After you have downloaded it, unpack it and open the Makefile to set the library and include locations to the directory containing OpenCV 2.1 on your computer:
$ tar zxvf lambertain.tgz $ cd lambertain $ vim Makefile $ # ... update the library and include locations
Now just run make to compile:
This will create three executables:
- background. Performs background segmentation. You can run the program without option to get the list of parameters it requires. Also, the shellscript “test_background.sh” runs the program on the dataset from the article.
- color. Performs color segmentation. You can run the program without option to get the list of parameters it requires. Also, the shellscript “test_color.sh” runs the program on the dataset from the article.
- videocapture. A small utility that allows you to capture images with a webcam. This is what I used to create my training set, so if you have a webcam, you can use this utility to create your own dataset and rapidly try the algorithm. If you do not have a webcam, I have included the training images that I used with the source code, so that you can experiment with that.
If you are working on Windows, you will need to create a project in the IDE that you use, and add the model files to it.
Possible improvements and optimizations
- Threshold selection. Right now, the algorithm to select the thresholds is very inefficient. Indeed, I simply sort the data and use indexes to find the thresholds, yielding to a complexity of a O(n lg n). This could be optimized by using a selection algorithm, which would bring complexity down to O(n).
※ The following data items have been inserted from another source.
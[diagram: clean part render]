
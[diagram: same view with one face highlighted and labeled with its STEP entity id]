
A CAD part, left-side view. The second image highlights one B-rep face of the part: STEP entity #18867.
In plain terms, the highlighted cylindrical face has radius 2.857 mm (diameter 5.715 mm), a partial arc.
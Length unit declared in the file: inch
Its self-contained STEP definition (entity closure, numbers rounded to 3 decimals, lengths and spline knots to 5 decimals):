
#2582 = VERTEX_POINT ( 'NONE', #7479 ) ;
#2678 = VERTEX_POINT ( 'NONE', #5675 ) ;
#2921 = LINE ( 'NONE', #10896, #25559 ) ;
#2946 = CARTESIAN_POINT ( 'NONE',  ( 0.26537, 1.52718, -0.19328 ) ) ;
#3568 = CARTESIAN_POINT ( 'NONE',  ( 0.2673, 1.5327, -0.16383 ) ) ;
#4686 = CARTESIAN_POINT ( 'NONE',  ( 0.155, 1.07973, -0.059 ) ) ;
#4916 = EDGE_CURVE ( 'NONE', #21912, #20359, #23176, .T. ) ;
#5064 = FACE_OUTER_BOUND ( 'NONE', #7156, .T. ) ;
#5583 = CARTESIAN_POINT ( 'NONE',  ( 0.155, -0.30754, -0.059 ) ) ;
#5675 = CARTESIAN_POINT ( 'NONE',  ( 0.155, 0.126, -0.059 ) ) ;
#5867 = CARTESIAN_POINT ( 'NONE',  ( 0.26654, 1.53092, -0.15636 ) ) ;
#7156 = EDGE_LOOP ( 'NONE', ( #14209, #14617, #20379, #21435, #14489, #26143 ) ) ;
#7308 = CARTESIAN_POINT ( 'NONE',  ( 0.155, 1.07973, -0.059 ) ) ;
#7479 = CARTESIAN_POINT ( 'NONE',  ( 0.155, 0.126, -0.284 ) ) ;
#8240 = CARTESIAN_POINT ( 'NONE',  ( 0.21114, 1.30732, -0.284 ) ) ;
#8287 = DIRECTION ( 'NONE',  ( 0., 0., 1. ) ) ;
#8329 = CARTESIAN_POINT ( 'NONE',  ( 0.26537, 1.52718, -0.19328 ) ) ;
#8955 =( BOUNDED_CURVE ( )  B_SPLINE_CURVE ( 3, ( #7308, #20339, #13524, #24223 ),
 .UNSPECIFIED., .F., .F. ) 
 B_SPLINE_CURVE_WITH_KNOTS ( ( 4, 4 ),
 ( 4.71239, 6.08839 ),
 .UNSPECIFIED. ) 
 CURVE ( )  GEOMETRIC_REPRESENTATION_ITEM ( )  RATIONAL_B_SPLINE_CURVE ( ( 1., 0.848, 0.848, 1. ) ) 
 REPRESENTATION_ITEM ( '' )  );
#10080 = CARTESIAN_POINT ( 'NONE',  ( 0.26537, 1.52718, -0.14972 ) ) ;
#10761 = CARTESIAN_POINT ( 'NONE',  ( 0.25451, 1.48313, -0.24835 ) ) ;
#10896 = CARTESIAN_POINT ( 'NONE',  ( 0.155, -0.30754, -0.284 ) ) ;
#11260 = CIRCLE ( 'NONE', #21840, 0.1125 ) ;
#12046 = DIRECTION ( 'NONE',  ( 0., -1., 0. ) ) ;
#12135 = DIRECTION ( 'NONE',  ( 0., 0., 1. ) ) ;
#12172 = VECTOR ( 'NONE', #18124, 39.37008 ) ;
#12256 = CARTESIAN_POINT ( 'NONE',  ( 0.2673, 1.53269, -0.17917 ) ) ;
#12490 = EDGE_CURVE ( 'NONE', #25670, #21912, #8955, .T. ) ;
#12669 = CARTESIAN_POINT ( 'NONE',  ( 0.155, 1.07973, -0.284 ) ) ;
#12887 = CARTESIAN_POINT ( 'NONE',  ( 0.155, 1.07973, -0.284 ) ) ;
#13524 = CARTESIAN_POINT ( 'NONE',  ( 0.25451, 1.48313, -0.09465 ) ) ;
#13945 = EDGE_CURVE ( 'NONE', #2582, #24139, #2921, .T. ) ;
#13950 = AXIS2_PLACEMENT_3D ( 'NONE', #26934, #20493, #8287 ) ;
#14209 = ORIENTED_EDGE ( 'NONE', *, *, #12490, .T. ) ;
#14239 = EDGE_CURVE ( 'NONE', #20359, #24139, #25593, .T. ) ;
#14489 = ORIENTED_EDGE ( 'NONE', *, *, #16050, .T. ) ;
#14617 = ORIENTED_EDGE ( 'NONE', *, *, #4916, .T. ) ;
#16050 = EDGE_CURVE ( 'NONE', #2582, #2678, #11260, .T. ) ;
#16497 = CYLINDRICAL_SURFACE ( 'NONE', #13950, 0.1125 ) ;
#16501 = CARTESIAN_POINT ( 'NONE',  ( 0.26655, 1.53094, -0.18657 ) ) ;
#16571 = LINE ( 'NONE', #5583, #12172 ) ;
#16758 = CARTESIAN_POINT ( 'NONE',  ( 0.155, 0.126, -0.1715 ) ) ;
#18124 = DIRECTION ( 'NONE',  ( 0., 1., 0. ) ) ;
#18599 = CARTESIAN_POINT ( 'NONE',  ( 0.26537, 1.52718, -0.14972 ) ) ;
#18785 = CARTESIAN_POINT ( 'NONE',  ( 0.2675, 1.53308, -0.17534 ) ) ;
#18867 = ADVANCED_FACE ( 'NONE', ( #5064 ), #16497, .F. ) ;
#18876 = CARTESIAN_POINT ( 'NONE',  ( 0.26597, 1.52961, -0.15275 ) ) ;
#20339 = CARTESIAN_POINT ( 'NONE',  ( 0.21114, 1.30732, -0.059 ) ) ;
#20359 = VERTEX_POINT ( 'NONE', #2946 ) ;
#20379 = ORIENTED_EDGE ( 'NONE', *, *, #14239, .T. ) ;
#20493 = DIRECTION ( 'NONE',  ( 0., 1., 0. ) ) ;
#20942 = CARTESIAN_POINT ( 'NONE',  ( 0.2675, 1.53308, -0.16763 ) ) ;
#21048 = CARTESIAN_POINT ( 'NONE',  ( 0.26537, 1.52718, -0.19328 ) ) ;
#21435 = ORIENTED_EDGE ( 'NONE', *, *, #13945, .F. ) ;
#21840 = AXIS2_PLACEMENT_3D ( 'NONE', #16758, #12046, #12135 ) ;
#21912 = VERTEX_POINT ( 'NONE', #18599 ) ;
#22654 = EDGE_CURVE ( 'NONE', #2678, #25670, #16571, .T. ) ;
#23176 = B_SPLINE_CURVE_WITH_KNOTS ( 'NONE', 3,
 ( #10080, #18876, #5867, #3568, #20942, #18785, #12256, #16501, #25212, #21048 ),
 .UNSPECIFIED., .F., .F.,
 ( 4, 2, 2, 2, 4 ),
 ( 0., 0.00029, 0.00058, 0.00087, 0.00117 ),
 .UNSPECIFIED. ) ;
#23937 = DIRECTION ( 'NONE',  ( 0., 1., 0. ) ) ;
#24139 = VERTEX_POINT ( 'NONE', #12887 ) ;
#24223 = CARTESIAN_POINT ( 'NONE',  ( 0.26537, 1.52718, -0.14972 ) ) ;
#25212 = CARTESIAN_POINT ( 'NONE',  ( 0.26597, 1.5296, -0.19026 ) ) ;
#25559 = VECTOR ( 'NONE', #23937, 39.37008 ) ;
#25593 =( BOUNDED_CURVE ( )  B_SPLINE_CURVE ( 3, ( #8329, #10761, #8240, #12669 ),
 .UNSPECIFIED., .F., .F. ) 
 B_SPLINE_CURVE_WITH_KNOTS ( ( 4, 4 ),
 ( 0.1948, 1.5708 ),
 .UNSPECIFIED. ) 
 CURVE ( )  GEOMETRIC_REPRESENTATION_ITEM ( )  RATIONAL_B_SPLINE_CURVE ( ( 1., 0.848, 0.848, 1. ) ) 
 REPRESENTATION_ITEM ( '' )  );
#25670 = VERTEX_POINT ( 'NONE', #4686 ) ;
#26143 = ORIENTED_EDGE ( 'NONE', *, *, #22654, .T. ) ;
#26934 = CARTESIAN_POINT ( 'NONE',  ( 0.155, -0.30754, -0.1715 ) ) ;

- Multiply, not divide. Multiplying by the inverse of the denominators instead of dividing by these denominators would speed up computations, as explained in Section 7 of Horprasert et al. (1999).
- Global variance. Using global average variance instead of local variance would speed up computations, as explained in Section 7 of Horprasert et al. (1999).
- Clustering Detection Elimination. I have not implemented the technique covered in Section 5 of Horprasert et al. (1999), which rectifies the erroneous chromaticity distortion values. This would allow the model to produce more accurate results.
In this article, I have presented my implementation of the Lambertain Color Model for image segmentation. I have used the work of Horprasert et al. (1999) and of Yacoob and Davis (2006) in order to implement this model. I have been able to reproduce the results presented by Horprasert et al. for background segmentation, but I haven’t been able to do so for the results of Yacoob and Davis. The training of the model is quite slow now, but could be made faster with some the optimizations that I have listed above. Along with the source code for the model, I am also giving a small utility that allows you to create your own dataset with your webcam. And if you do not have a webcam, the dataset used in this article is available with the sources.
Let me know if you use this model in your projects, I’d be happy to see that!
T. Horprasert, D. Harwood, and L.S. Davis. A statistical approach for real-time robust background subtraction and shadow detection. IEEE ICCV, 1999.
Y. Yacoob and L.S. Davis. Detection and Analysis of Hair. IEEE Transactions on Pattern Analysis and Machine Intelligence, 1164-1169, 2006.